Identificamos em todo o romance várias marcas de surto psicótico envolvendo Aldo Bruno. Todas as vezes, em que é submetido a um interrogatório, ainda que informalmente, sobre os crimes de que está sendo suspeito, ele é acometido de crises de amnésia:

Não era a primeira vez que Aldo entrava numa espécie de pânico silencioso acompanhado de fuga ao confrontar uma situação ameaçadora. "[...] o episódio do assassinato funcionara como um disparador de um estado de pânico cuja causa real devia ser outra que ele próprio desconhecia ou estava ocultando" ( p.110).
[...] Eu não consigo dizer nada sobre um acontecimento tão pouco usual como sair no meio de um temporal para pegar o carro numa rua sem saída em plena madrugada (p.53).
[...] Não se lembrava de nada do que acontecera depois. Lembrava-se do dia seguinte, mas não se lembrava da noite depois de ter descoberto o corpo. Mas, sobretudo, e isso é que o perturbava, não se lembrava de nada anterior à descoberta do corpo. Não se lembrava sequer de abrir a porta do consultório ( p.149).


     
Ousamos inferir que essa amnésia do arquiteto seja um recurso originado pelo inconsciente (um sintoma), como uma fuga, uma maneira de evitar o desprazer, aquilo de que ele não quer lembrar-se. Observemos o que diz Freud a respeito desses esquecimentos:

Esta necessidade de evitar o desprazer é percebida mais claramente no que se refere ao esquecimento de impressões e experiências" - Fato que já fora observado por muitos escritores antes que a psicanálise existisse. "A memória revela sua parcialidade mostrando-se pronta a impedir a reprodução de impressões comprometidas com uma emoção angustiante, se bem que este propósito não possa ser alcançado em todos os casos. (FREUD,1996, p.171)

     
Além dos surtos psicóticos que acometem a personagem Aldo Bruno, o romance também aborda outro assunto de interesse da psicanálise, as perversões sexuais que envolvem o assassinato da psicanalista Camila Bruno.

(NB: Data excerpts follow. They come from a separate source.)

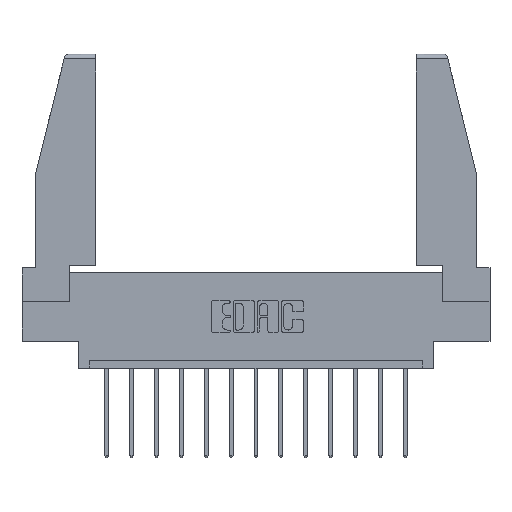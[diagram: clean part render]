
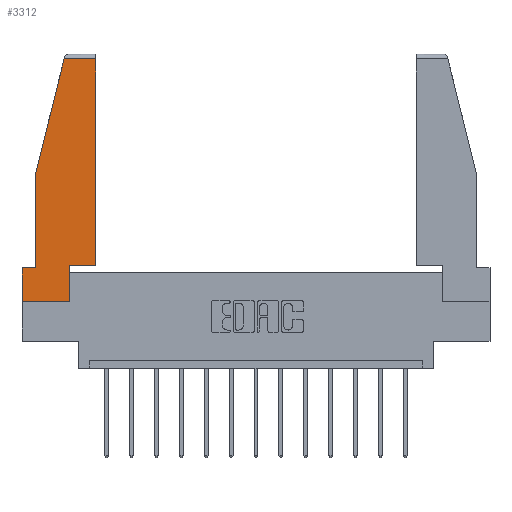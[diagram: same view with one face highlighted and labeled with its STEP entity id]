
A CAD part, top view. The second image highlights one B-rep face of the part: STEP entity #3312.
In plain terms, the highlighted planar face has unit normal (0, 0, 1).
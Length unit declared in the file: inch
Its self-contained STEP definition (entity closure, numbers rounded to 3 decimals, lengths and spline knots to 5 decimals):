
#60 = CARTESIAN_POINT ( 'NONE',  ( 0.086, 0.21, 0. ) ) ;
#713 = DIRECTION ( 'NONE',  ( 0., 0., 1. ) ) ;
#749 = ORIENTED_EDGE ( 'NONE', *, *, #6568, .T. ) ;
#802 = DIRECTION ( 'NONE',  ( 0., 1., 0. ) ) ;
#817 = DIRECTION ( 'NONE',  ( 1., 0., 0. ) ) ;
#1250 = DIRECTION ( 'NONE',  ( 1., 0., 0. ) ) ;
#1298 = ORIENTED_EDGE ( 'NONE', *, *, #5619, .T. ) ;
#1374 = FACE_OUTER_BOUND ( 'NONE', #14093, .T. ) ;
#1930 = CARTESIAN_POINT ( 'NONE',  ( 0., 0., 0. ) ) ;
#1980 = ORIENTED_EDGE ( 'NONE', *, *, #8092, .T. ) ;
#2387 = CARTESIAN_POINT ( 'NONE',  ( 0.297, 0.223, 0. ) ) ;
#2569 = LINE ( 'NONE', #15023, #4568 ) ;
#2630 = VECTOR ( 'NONE', #802, 39.37008 ) ;
#2708 = VERTEX_POINT ( 'NONE', #15449 ) ;
#3073 = VERTEX_POINT ( 'NONE', #5747 ) ;
#3274 = VECTOR ( 'NONE', #4498, 39.37008 ) ;
#3312 = ADVANCED_FACE ( 'NONE', ( #1374 ), #11350, .T. ) ;
#3381 = DIRECTION ( 'NONE',  ( 1., 0., 0. ) ) ;
#3735 = CARTESIAN_POINT ( 'NONE',  ( 0.297, 0., 0. ) ) ;
#3932 = DIRECTION ( 'NONE',  ( -0.239, -0.971, 0. ) ) ;
#4048 = CARTESIAN_POINT ( 'NONE',  ( 0., 0.21, 0. ) ) ;
#4100 = DIRECTION ( 'NONE',  ( 0., -1., 0. ) ) ;
#4498 = DIRECTION ( 'NONE',  ( -1., 0., 0. ) ) ;
#4568 = VECTOR ( 'NONE', #3932, 39.37008 ) ;
#4659 = EDGE_CURVE ( 'NONE', #15770, #13879, #7786, .T. ) ;
#4660 = CARTESIAN_POINT ( 'NONE',  ( 0.086, 0.8, 0. ) ) ;
#5083 = CARTESIAN_POINT ( 'NONE',  ( 0.461, 0.223, 0. ) ) ;
#5619 = EDGE_CURVE ( 'NONE', #9492, #10579, #7347, .T. ) ;
#5747 = CARTESIAN_POINT ( 'NONE',  ( 0.297, 0., 0. ) ) ;
#6329 = EDGE_CURVE ( 'NONE', #3073, #2708, #12123, .T. ) ;
#6564 = CARTESIAN_POINT ( 'NONE',  ( 0., 0., 0. ) ) ;
#6568 = EDGE_CURVE ( 'NONE', #12381, #15770, #9441, .T. ) ;
#7021 = ORIENTED_EDGE ( 'NONE', *, *, #9071, .T. ) ;
#7347 = LINE ( 'NONE', #4048, #10803 ) ;
#7763 = LINE ( 'NONE', #10806, #13895 ) ;
#7786 = LINE ( 'NONE', #13093, #3274 ) ;
#8092 = EDGE_CURVE ( 'NONE', #11676, #13328, #11112, .T. ) ;
#8230 = ORIENTED_EDGE ( 'NONE', *, *, #4659, .T. ) ;
#8292 = LINE ( 'NONE', #14087, #8673 ) ;
#8382 = CARTESIAN_POINT ( 'NONE',  ( 0.461, 0.223, 0. ) ) ;
#8454 = ORIENTED_EDGE ( 'NONE', *, *, #12924, .T. ) ;
#8515 = AXIS2_PLACEMENT_3D ( 'NONE', #1930, #713, #817 ) ;
#8673 = VECTOR ( 'NONE', #10464, 39.37008 ) ;
#9071 = EDGE_CURVE ( 'NONE', #13879, #11676, #2569, .T. ) ;
#9441 = LINE ( 'NONE', #8382, #2630 ) ;
#9492 = VERTEX_POINT ( 'NONE', #9716 ) ;
#9522 = LINE ( 'NONE', #2387, #14141 ) ;
#9716 = CARTESIAN_POINT ( 'NONE',  ( 0., 0.21, 0. ) ) ;
#9806 = ORIENTED_EDGE ( 'NONE', *, *, #9810, .T. ) ;
#9810 = EDGE_CURVE ( 'NONE', #13328, #9492, #8292, .T. ) ;
#10162 = ORIENTED_EDGE ( 'NONE', *, *, #6329, .T. ) ;
#10464 = DIRECTION ( 'NONE',  ( -1., 0., 0. ) ) ;
#10579 = VERTEX_POINT ( 'NONE', #6564 ) ;
#10803 = VECTOR ( 'NONE', #4100, 39.37008 ) ;
#10806 = CARTESIAN_POINT ( 'NONE',  ( 0., 0., 0. ) ) ;
#11112 = LINE ( 'NONE', #13686, #14012 ) ;
#11344 = DIRECTION ( 'NONE',  ( 0., 1., 0. ) ) ;
#11350 = PLANE ( 'NONE',  #8515 ) ;
#11676 = VERTEX_POINT ( 'NONE', #4660 ) ;
#12123 = LINE ( 'NONE', #3735, #12316 ) ;
#12316 = VECTOR ( 'NONE', #11344, 39.37008 ) ;
#12338 = ORIENTED_EDGE ( 'NONE', *, *, #14502, .T. ) ;
#12381 = VERTEX_POINT ( 'NONE', #5083 ) ;
#12605 = DIRECTION ( 'NONE',  ( 0., -1., 0. ) ) ;
#12924 = EDGE_CURVE ( 'NONE', #2708, #12381, #9522, .T. ) ;
#13093 = CARTESIAN_POINT ( 'NONE',  ( 0., 1.52, 0. ) ) ;
#13328 = VERTEX_POINT ( 'NONE', #60 ) ;
#13686 = CARTESIAN_POINT ( 'NONE',  ( 0.086, 0.8, 0. ) ) ;
#13879 = VERTEX_POINT ( 'NONE', #13925 ) ;
#13895 = VECTOR ( 'NONE', #3381, 39.37008 ) ;
#13925 = CARTESIAN_POINT ( 'NONE',  ( 0.2636, 1.52, 0. ) ) ;
#14012 = VECTOR ( 'NONE', #12605, 39.37008 ) ;
#14087 = CARTESIAN_POINT ( 'NONE',  ( 0., 0.21, 0. ) ) ;
#14093 = EDGE_LOOP ( 'NONE', ( #749, #8230, #7021, #1980, #9806, #1298, #12338, #10162, #8454 ) ) ;
#14141 = VECTOR ( 'NONE', #1250, 39.37008 ) ;
#14502 = EDGE_CURVE ( 'NONE', #10579, #3073, #7763, .T. ) ;
#15023 = CARTESIAN_POINT ( 'NONE',  ( 0.271, 1.55, 0. ) ) ;
#15130 = CARTESIAN_POINT ( 'NONE',  ( 0.461, 1.52, 0. ) ) ;
#15449 = CARTESIAN_POINT ( 'NONE',  ( 0.297, 0.223, 0. ) ) ;
#15770 = VERTEX_POINT ( 'NONE', #15130 ) ;

Tal homicídio tem como suspeito em potencial o marido da vítima que, dentro da estrutura perversa, teria assassinado a mulher, utilizando-se da substância química flunitrazepam, comercializada sob o nome de Rohypnol, mais conhecida popularmente como “Boa noite cinderela” e, depois, esconde quaisquer vestígios do crime, inclusive desnuda a mulher, para não fornecer pistas à polícia. Esse mesmo comportamento da personagem está presente no caso do sem-teto, quando Aldo se desfaz da arma utilizada. Vejamos esta passagem:

Duas coisas ocupavam especialmente o foco da atenção de Espinosa. A primeira era a convicção de que as duas mortes estavam relacionadas; a segunda era por que razão Camila Bruna fora encontrada inteiramente nua no seu consultório... [...] Seria um tipo de exibicionismo post-mortem? Não há limite para a perversão sexual, pensou Espinosa (p.152).

    
 É importante salientar a relevância da escolha profissional do protagonista para delinear-lhe o perfil. Assim, como um bom arquiteto, Aldo Bruno é um homem meticuloso que projeta todos os seus planos e ações antes, durante e depois de cometer os homicídios.
     A obra de García-Roza, deixa transparecer o retrato da vida na sociedade contemporânea e demonstra que os elementos que caracterizam o gênero policial vêm sendo ultrapassados, assim como  os enredos refletem uma série de questões sociais, políticas, éticas e psicanalíticas. Em Seus romances, há sempre um crime, um detetive, uma investigação, um assassino. Entretanto, o crime jamais é solucionado e o detetive não está preocupado somente em identificar o criminoso, mas também em juntar elementos que possam salientar a personalidade desse assassino. Com esse recurso de subversão ao gênero o autor leva o leitor a refletir sobre o meio social em que vive. Desta forma, García-Roza transcende o gênero policial, que faz parte da cultura popular, e deve ser visto como um escritor de grande qualidade literária.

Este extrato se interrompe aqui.